▶ **Exercise instructions**: The job is to find each line of the records below that includes the word "Matrix" and copy it.

▶ **Task material**:
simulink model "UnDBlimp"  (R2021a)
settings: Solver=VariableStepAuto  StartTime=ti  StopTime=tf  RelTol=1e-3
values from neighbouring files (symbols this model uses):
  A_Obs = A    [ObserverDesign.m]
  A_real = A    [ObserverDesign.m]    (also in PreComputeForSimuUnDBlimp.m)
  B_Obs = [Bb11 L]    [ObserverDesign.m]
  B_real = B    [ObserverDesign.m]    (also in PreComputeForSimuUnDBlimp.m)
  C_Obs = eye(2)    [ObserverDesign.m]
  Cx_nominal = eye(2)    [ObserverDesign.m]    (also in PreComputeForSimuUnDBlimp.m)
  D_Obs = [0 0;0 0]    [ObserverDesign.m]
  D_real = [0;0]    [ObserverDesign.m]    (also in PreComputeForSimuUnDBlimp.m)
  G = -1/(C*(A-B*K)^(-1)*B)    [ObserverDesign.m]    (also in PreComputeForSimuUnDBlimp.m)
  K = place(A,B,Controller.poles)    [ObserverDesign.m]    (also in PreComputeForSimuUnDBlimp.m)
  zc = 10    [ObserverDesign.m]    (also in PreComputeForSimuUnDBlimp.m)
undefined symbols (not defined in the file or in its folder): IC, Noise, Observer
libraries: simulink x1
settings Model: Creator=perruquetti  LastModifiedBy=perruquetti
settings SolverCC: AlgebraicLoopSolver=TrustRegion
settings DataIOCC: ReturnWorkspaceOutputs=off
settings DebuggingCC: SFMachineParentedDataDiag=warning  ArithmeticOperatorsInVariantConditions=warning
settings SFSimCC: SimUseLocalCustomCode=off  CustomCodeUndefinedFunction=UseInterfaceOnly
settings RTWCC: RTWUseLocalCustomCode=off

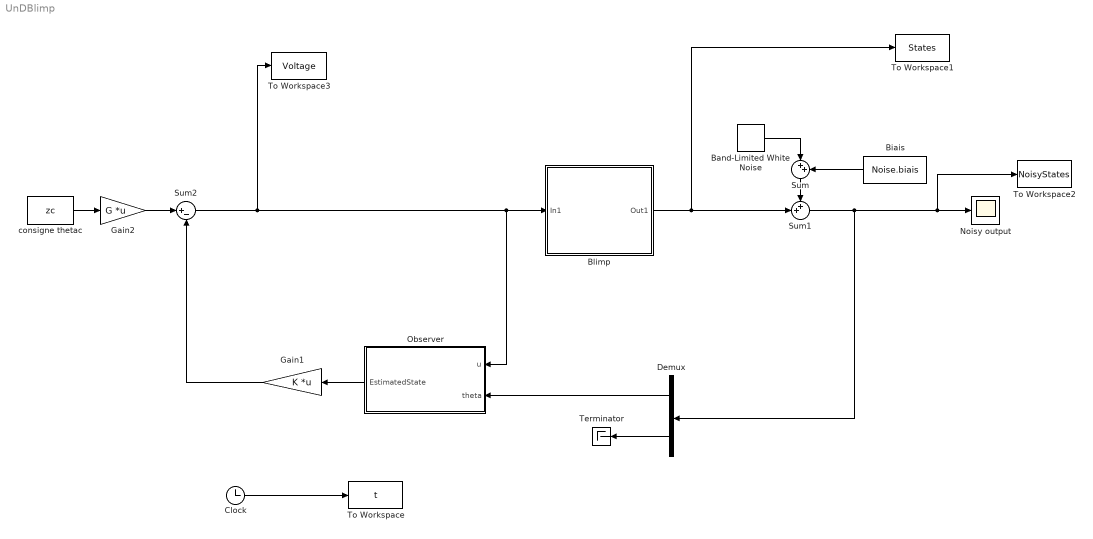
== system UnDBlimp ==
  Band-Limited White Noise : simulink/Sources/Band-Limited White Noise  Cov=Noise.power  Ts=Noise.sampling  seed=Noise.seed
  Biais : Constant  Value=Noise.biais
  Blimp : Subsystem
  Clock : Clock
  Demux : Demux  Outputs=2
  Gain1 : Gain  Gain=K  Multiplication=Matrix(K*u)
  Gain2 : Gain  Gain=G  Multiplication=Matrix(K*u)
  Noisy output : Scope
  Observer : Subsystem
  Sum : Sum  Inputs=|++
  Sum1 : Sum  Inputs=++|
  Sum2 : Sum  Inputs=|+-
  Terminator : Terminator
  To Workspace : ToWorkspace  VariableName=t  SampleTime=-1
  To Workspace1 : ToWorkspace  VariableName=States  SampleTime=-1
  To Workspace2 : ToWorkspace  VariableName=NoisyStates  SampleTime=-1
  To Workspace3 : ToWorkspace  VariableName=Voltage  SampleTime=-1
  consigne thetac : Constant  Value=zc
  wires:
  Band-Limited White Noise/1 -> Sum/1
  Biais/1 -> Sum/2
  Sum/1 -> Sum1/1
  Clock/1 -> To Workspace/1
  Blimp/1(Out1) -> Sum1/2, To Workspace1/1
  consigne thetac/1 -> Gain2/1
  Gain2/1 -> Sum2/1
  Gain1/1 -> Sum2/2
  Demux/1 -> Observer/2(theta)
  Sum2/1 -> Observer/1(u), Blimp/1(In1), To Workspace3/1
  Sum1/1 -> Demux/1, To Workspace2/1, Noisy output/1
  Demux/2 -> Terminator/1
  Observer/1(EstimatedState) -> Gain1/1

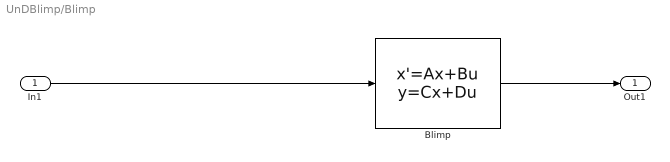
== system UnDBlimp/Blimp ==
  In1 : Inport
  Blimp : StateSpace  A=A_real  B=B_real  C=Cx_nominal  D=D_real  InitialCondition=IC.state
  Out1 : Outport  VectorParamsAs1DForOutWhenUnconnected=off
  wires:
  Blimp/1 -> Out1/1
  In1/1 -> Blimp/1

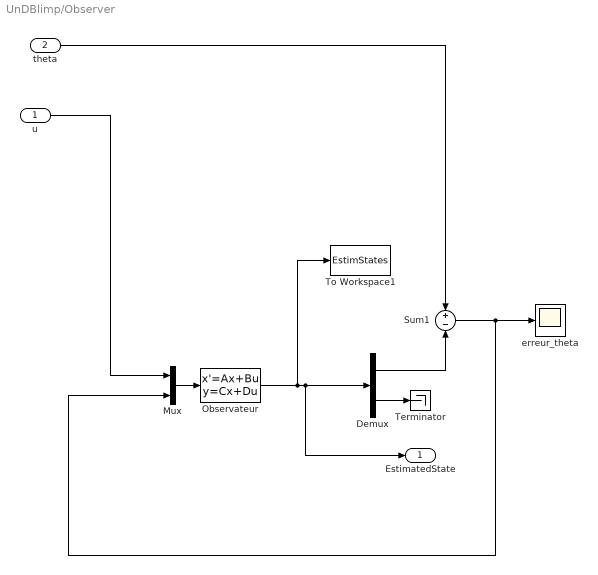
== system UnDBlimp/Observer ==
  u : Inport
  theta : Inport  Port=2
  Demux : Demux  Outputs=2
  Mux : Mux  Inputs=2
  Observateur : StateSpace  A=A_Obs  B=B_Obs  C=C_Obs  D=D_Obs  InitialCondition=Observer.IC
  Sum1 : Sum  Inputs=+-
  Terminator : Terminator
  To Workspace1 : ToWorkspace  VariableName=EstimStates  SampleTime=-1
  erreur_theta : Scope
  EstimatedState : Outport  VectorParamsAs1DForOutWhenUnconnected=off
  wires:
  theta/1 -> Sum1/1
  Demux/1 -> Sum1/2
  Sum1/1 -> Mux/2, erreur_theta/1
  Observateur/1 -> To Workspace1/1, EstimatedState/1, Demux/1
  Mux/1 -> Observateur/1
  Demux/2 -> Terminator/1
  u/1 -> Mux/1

▶ **Written answer**:
  Gain1 : Gain  Gain=K  Multiplication=Matrix(K*u)
  Gain2 : Gain  Gain=G  Multiplication=Matrix(K*u)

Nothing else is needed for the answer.